# Thru Tennons



## kimosawboy (Jan 26, 2010)

Doing a project that requires rounded thru tennons that will be shown, Mortise is no problem as just a simple 3/8 bit, but the tennons are becoming a pain.. yes I know I can hand round them by hand but I would much rather use a jig so I can get the same results every time. Any one done something similar??
G Vavra


----------



## Herb Stoops (Aug 28, 2012)

kimosawboy said:


> Doing a project that requires rounded thru tennons that will be shown, Mortise is no problem as just a simple 3/8 bit, but the tennons are becoming a pain.. yes I know I can hand round them by hand but I would much rather use a jig so I can get the same results every time. Any one done something similar??
> G Vavra


A 3/8" wide tenon is pretty small to use a bearing guided bit to round over. I would use my Dremel set up as a router. W/a 1/16" round over bit that has a brass pilot bearing. 
Or you could cut the rail tenons short and make some plugs to fill the hole and let extend proud of the legs. I have done this by taking a short 1X6 and cutting a tenon across the end and rounding over the edges and cutting the tenon into plugs to cap the rails, this makes them all end grain and the same look to the grain.
Just a suggestion,
Herb


----------



## kimosawboy (Jan 26, 2010)

I should have been more clear.. rounding the tennon shoulder..


----------



## mimac (Dec 13, 2009)

Use loose tenons cut all the way through.


----------



## kimosawboy (Jan 26, 2010)

Do not want loose tennons.. Its a chair that is held together with the thru tennons and I want the grains to match..


----------



## Stick486 (Jan 4, 2013)

kimosawboy said:


> Doing a project that requires rounded thru tennons that will be shown, Mortise is no problem as just a simple 3/8 bit, but the tenons are becoming a pain.. yes I know I can hand round them by hand but I would much rather use a jig so I can get the same results every time. Any one done something similar??
> G Vavra


are you doing a tusk tenon...

I use a Leigh jig for rounded tenon edges... there are others...
plan ''B'' would be to make the tenons floating since the mortises are no issue...
round over, half round or bull nose a length of flat stock and use the length you need...

.


----------



## Cherryville Chuck (Sep 28, 2010)

Round over the part that will show with a router and round over bit. Finish the base of the tenons with a chisel good enough so they fit the mortise.


----------



## kimosawboy (Jan 26, 2010)

Stick486..Not a tusk tennon and a Leigh is exactly what I would like to mimick without the 700-800 Cost.
Cherryville Chuck, Just the shoulders need to be rounded..
Here is the joinery that I'm working on...


----------



## Stick486 (Jan 4, 2013)

Cherryville has the plan...


----------



## kimosawboy (Jan 26, 2010)

I'm not worried about the part that will show . What I'm looking for is repeat ability of rounding the shoulder, using a chisel for a good enough fit will not do.


----------



## CharleyL (Feb 28, 2009)

I do my mortises and tenons with my Leigh FMT Pro, but you could make rounded edge tenon stock using your table saw, a planer to get exactly the right thickness, and a bull nose router bit in a router table to make a perfectly rounded edge of your tenon stock. Then just cut pieces of it to length as you need it for floating tenons to fit your mortises. If made for a snug fit a floating tenon and matching mortises will be just as strong as those made with the FMT, although it will likely take a bit longer to do.

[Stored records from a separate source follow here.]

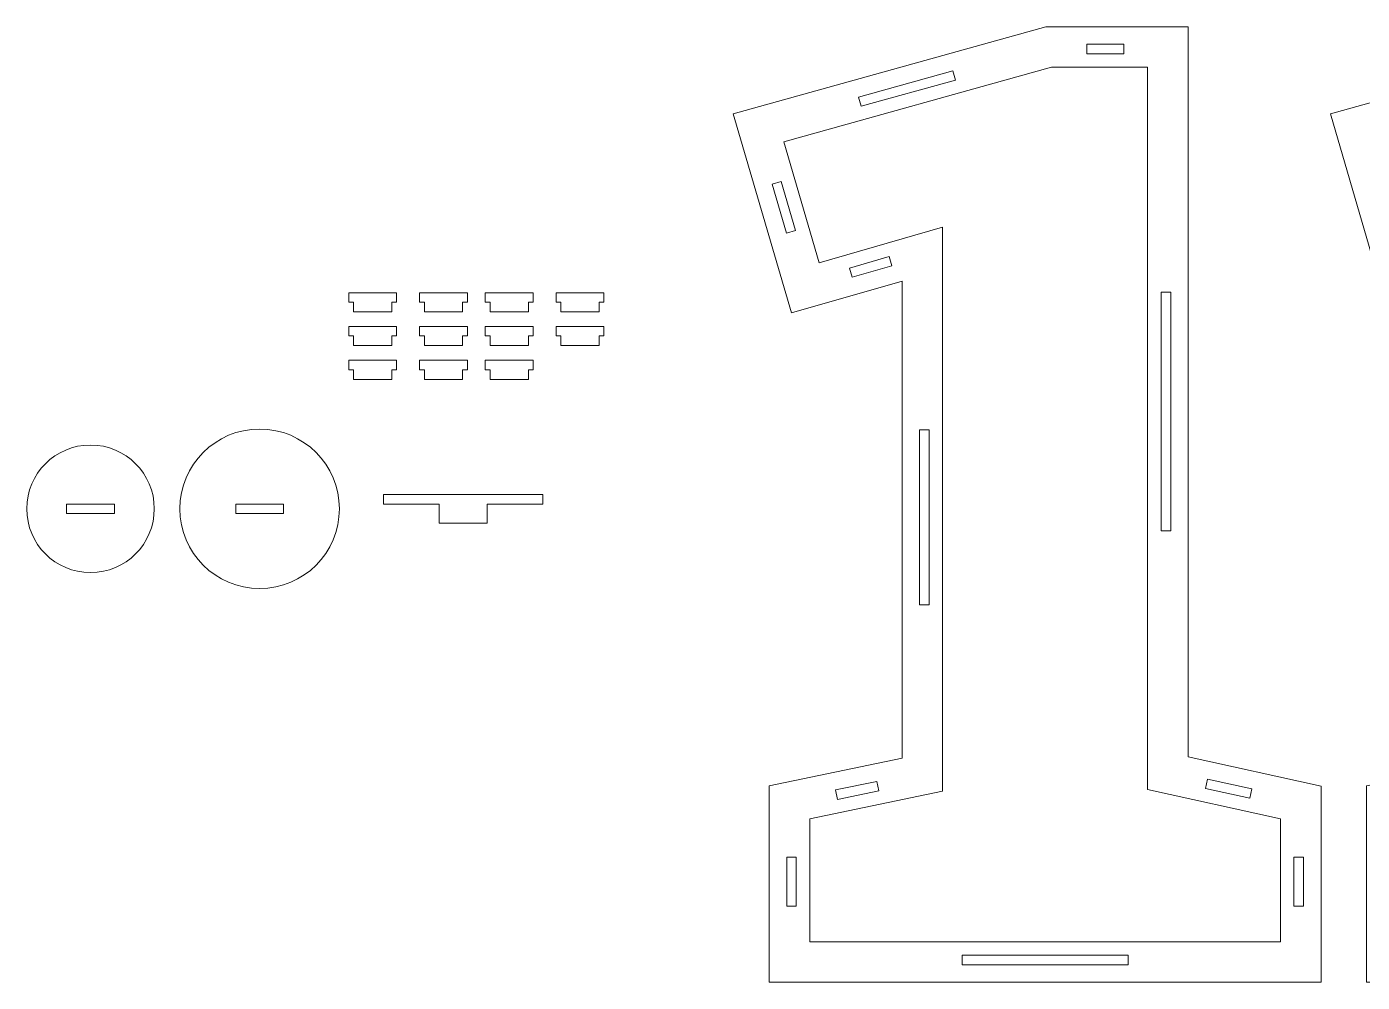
# Model space of a CAD drawing. Header units: centimetres. Extents: x -191 to 212, y -234 to 239.
# Drawn here: x -191.06 to -149.19, y -29.25 to 0.71 of the extents above; entities that cross this region are included whole.
import ezdxf

# ---------------------------------------------------------------- set-up
doc = ezdxf.new("R2010")
doc.units = ezdxf.units.CM
doc.header["$MEASUREMENT"] = 0
doc.layers.add('Capa 1', color=7, linetype='Continuous')

msp = doc.modelspace()

# ---------------------------------------------------------------- linework, layer by layer
at = {"layer": 'Capa 1', "color": 240, "lineweight": 9}
for points, knots in [([(-150.48011, -23.09982), (-150.48011, -23.09982), (-150.48011, -29.2484), (-150.48011, -29.2484), (-150.48011, -29.2484), (-167.77767, -29.2484), (-167.77767, -29.2484), (-167.77767, -29.2484), (-167.77767, -23.09237), (-167.77767, -23.09237), (-167.77767, -23.09237), (-163.61585, -22.22533), (-163.61585, -22.22533), (-163.61585, -22.22533), (-163.61585, -7.26879), (-163.61585, -7.26879), (-163.61585, -7.26879), (-167.08403, -8.2659), (-167.08403, -8.2659), (-167.08403, -8.2659), (-168.90483, -2.02317), (-168.90483, -2.02317), (-168.90483, -2.02317), (-159.10722, 0.70802), (-159.10722, 0.70802), (-159.10722, 0.70802), (-154.64193, 0.70802), (-154.64193, 0.70802), (-154.64193, 0.70802), (-154.64193, -22.18197), (-154.64193, -22.18197), (-154.64193, -22.18197), (-150.48011, -23.09982), (-150.48011, -23.09982)], [0, 0, 0, 0, 0.09090909, 0.09090909, 0.09090909, 0.18181818, 0.18181818, 0.18181818, 0.27272727, 0.27272727, 0.27272727, 0.36363636, 0.36363636, 0.36363636, 0.45454545, 0.45454545, 0.45454545, 0.54545455, 0.54545455, 0.54545455, 0.63636364, 0.63636364, 0.63636364, 0.72727273, 0.72727273, 0.72727273, 0.81818182, 0.81818182, 0.81818182, 0.90909091, 0.90909091, 0.90909091, 1, 1, 1, 1]), ([(-131.75539, -23.09982), (-131.75539, -23.09982), (-131.75539, -29.2484), (-131.75539, -29.2484), (-131.75539, -29.2484), (-149.05295, -29.2484), (-149.05295, -29.2484), (-149.05295, -29.2484), (-149.05295, -23.09237), (-149.05295, -23.09237), (-149.05295, -23.09237), (-144.89113, -22.22533), (-144.89113, -22.22533), (-144.89113, -22.22533), (-144.89113, -7.26879), (-144.89113, -7.26879), (-144.89113, -7.26879), (-148.35931, -8.2659), (-148.35931, -8.2659), (-148.35931, -8.2659), (-150.18011, -2.02317), (-150.18011, -2.02317), (-150.18011, -2.02317), (-140.3825, 0.70802), (-140.3825, 0.70802), (-140.3825, 0.70802), (-135.91721, 0.70802), (-135.91721, 0.70802), (-135.91721, 0.70802), (-135.91721, -22.18197), (-135.91721, -22.18197), (-135.91721, -22.18197), (-131.75539, -23.09982), (-131.75539, -23.09982)], [0, 0, 0, 0, 0.09090909, 0.09090909, 0.09090909, 0.18181818, 0.18181818, 0.18181818, 0.27272727, 0.27272727, 0.27272727, 0.36363636, 0.36363636, 0.36363636, 0.45454545, 0.45454545, 0.45454545, 0.54545455, 0.54545455, 0.54545455, 0.63636364, 0.63636364, 0.63636364, 0.72727273, 0.72727273, 0.72727273, 0.81818182, 0.81818182, 0.81818182, 0.90909091, 0.90909091, 0.90909091, 1, 1, 1, 1]), ([(-157.82426, -0.14051), (-157.82426, -0.14051), (-156.65736, -0.14051), (-156.65736, -0.14051), (-156.65736, -0.14051), (-156.65736, 0.15949), (-156.65736, 0.15949), (-156.65736, 0.15949), (-157.82426, 0.15949), (-157.82426, 0.15949), (-157.82426, 0.15949), (-157.82426, -0.14051), (-157.82426, -0.14051)], [0, 0, 0, 0, 0.25, 0.25, 0.25, 0.5, 0.5, 0.5, 0.75, 0.75, 0.75, 1, 1, 1, 1]), ([(-151.7529, -24.12249), (-151.7529, -24.12249), (-155.91472, -23.20464), (-155.91472, -23.20464), (-155.91472, -23.20464), (-155.91472, -0.56477), (-155.91472, -0.56477), (-155.91472, -0.56477), (-158.93314, -0.56477), (-158.93314, -0.56477), (-158.93314, -0.56477), (-167.32229, -2.90334), (-167.32229, -2.90334), (-167.32229, -2.90334), (-166.21717, -6.69233), (-166.21717, -6.69233), (-166.21717, -6.69233), (-162.34306, -5.57851), (-162.34306, -5.57851), (-162.34306, -5.57851), (-162.34306, -23.26028), (-162.34306, -23.26028), (-162.34306, -23.26028), (-166.50488, -24.12732), (-166.50488, -24.12732), (-166.50488, -24.12732), (-166.50488, -27.97561), (-166.50488, -27.97561), (-166.50488, -27.97561), (-151.7529, -27.97561), (-151.7529, -27.97561), (-151.7529, -27.97561), (-151.7529, -24.12249), (-151.7529, -24.12249)], [0, 0, 0, 0, 0.09090909, 0.09090909, 0.09090909, 0.18181818, 0.18181818, 0.18181818, 0.27272727, 0.27272727, 0.27272727, 0.36363636, 0.36363636, 0.36363636, 0.45454545, 0.45454545, 0.45454545, 0.54545455, 0.54545455, 0.54545455, 0.63636364, 0.63636364, 0.63636364, 0.72727273, 0.72727273, 0.72727273, 0.81818182, 0.81818182, 0.81818182, 0.90909091, 0.90909091, 0.90909091, 1, 1, 1, 1]), ([(-164.89692, -1.7868), (-164.89692, -1.7868), (-161.94404, -0.96366), (-161.94404, -0.96366), (-161.94404, -0.96366), (-162.0246, -0.67467), (-162.0246, -0.67467), (-162.0246, -0.67467), (-164.97748, -1.49782), (-164.97748, -1.49782), (-164.97748, -1.49782), (-164.89692, -1.7868), (-164.89692, -1.7868)], [0, 0, 0, 0, 0.25, 0.25, 0.25, 0.5, 0.5, 0.5, 0.75, 0.75, 0.75, 1, 1, 1, 1]), ([(-166.95401, -5.68122), (-166.95401, -5.68122), (-167.40191, -4.14558), (-167.40191, -4.14558), (-167.40191, -4.14558), (-167.68991, -4.22958), (-167.68991, -4.22958), (-167.68991, -4.22958), (-167.24201, -5.76522), (-167.24201, -5.76522), (-167.24201, -5.76522), (-166.95401, -5.68122), (-166.95401, -5.68122)], [0, 0, 0, 0, 0.25, 0.25, 0.25, 0.5, 0.5, 0.5, 0.75, 0.75, 0.75, 1, 1, 1, 1]), ([(-164.01359, -6.50024), (-164.01359, -6.50024), (-165.25985, -6.85854), (-165.25985, -6.85854), (-165.25985, -6.85854), (-165.17696, -7.14686), (-165.17696, -7.14686), (-165.17696, -7.14686), (-163.93069, -6.78856), (-163.93069, -6.78856), (-163.93069, -6.78856), (-164.01359, -6.50024), (-164.01359, -6.50024)], [0, 0, 0, 0, 0.25, 0.25, 0.25, 0.5, 0.5, 0.5, 0.75, 0.75, 0.75, 1, 1, 1, 1]), ([(-179.61034, -7.93002), (-179.61034, -7.93002), (-179.61034, -8.23002), (-179.61034, -8.23002), (-179.61034, -8.23002), (-180.81034, -8.23002), (-180.81034, -8.23002), (-180.81034, -8.23002), (-180.81034, -7.93002), (-180.81034, -7.93002), (-180.81034, -7.93002), (-180.96034, -7.93002), (-180.96034, -7.93002), (-180.96034, -7.93002), (-180.96034, -7.63002), (-180.96034, -7.63002), (-180.96034, -7.63002), (-179.46034, -7.63002), (-179.46034, -7.63002), (-179.46034, -7.63002), (-179.46034, -7.93002), (-179.46034, -7.93002), (-179.46034, -7.93002), (-179.61034, -7.93002), (-179.61034, -7.93002)], [0, 0, 0, 0, 0.125, 0.125, 0.125, 0.25, 0.25, 0.25, 0.375, 0.375, 0.375, 0.5, 0.5, 0.5, 0.625, 0.625, 0.625, 0.75, 0.75, 0.75, 0.875, 0.875, 0.875, 1, 1, 1, 1]), ([(-177.39001, -7.93002), (-177.39001, -7.93002), (-177.39001, -8.23002), (-177.39001, -8.23002), (-177.39001, -8.23002), (-178.59001, -8.23002), (-178.59001, -8.23002), (-178.59001, -8.23002), (-178.59001, -7.93002), (-178.59001, -7.93002), (-178.59001, -7.93002), (-178.74001, -7.93002), (-178.74001, -7.93002), (-178.74001, -7.93002), (-178.74001, -7.63002), (-178.74001, -7.63002), (-178.74001, -7.63002), (-177.24001, -7.63002), (-177.24001, -7.63002), (-177.24001, -7.63002), (-177.24001, -7.93002), (-177.24001, -7.93002), (-177.24001, -7.93002), (-177.39001, -7.93002), (-177.39001, -7.93002)], [0, 0, 0, 0, 0.125, 0.125, 0.125, 0.25, 0.25, 0.25, 0.375, 0.375, 0.375, 0.5, 0.5, 0.5, 0.625, 0.625, 0.625, 0.75, 0.75, 0.75, 0.875, 0.875, 0.875, 1, 1, 1, 1]), ([(-175.33009, -7.93002), (-175.33009, -7.93002), (-175.33009, -8.23002), (-175.33009, -8.23002), (-175.33009, -8.23002), (-176.53009, -8.23002), (-176.53009, -8.23002), (-176.53009, -8.23002), (-176.53009, -7.93002), (-176.53009, -7.93002), (-176.53009, -7.93002), (-176.68009, -7.93002), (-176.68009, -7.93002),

If you study how an FMT Pro is made by downloading the manual from the Leighjig.com website and then watching the Youtube videos on it's use, you likely can duplicate most of the function of an FMT using good quality plywood, like Baltic Birch. It might be prudent to buy their templates to get the needed jig accuracy though.

Charley


----------



## Cherryville Chuck (Sep 28, 2010)

I was talking about using the chisel where you won't see and can't get the router bit into which is close to the shoulders.


----------



## DaninVan (Jan 1, 2012)

"...and I want the grains to match.."
N/A

Why would the grains match? One's face grain and the only visible part of the tenon is the end grain. I think I lost something in translation.
How does having the tenon carved out of the rail piece differ from a loose tenon inserted into it?


----------



## Stick486 (Jan 4, 2013)

cut the tenon...
3/16''R half round the edges on the RT...
use a 3/8'' dia forstner bit to cut the edges of the mortise to match the tenon edges..
hand shape what needs to be which will necer be seen,,,


----------



## MEBCWD (Jan 14, 2012)

You could do a standard MT joint or loose MT joint for construction, then do a raised inlay piece to get the look you want.


----------



## DesertRatTom (Jul 3, 2012)

Cut the mortise with a Forstner bit so it is as long (or even slightly shorter) than the tennon. Make a pattern that mathes the mortise, lay it on the square tennon. Mark the curve on the tennon, and pare fairly close to that line with a sharp chisel. Sand to an exact fit.

Or, make the tennon slightly short so it's maybe 1/8th short of protruding. Then cut out a shape you want to showWITH the grain from a piece of your stock and shape the edge of this piece with your roundover or other bit. Shave away a small bit of the edge to fit in the leftover mortise depth. This will give what looks like a through mortise, but it will be with the grain on the end of this cap. Glue this small cap in place, it will probably last 200 years and look better than the end of your tennon will ever look. 

The width of this cap will determine what it looks like on the finished piece. The slight tennon on the back of this cap can be cut to exact width on your router. Remove the shoulder on a long piece so it's uniform. Chop the tennon to length with a Japanese saw and a chisel. It's all hand work, but I don't see any way to avoid the hand work. This cap will also hide any wedges you might wish to put in to make a perfect tight fit.

However, NO ONE will ever check the length of these caps for uniformity and fit. The glue is the hero in this tale.


----------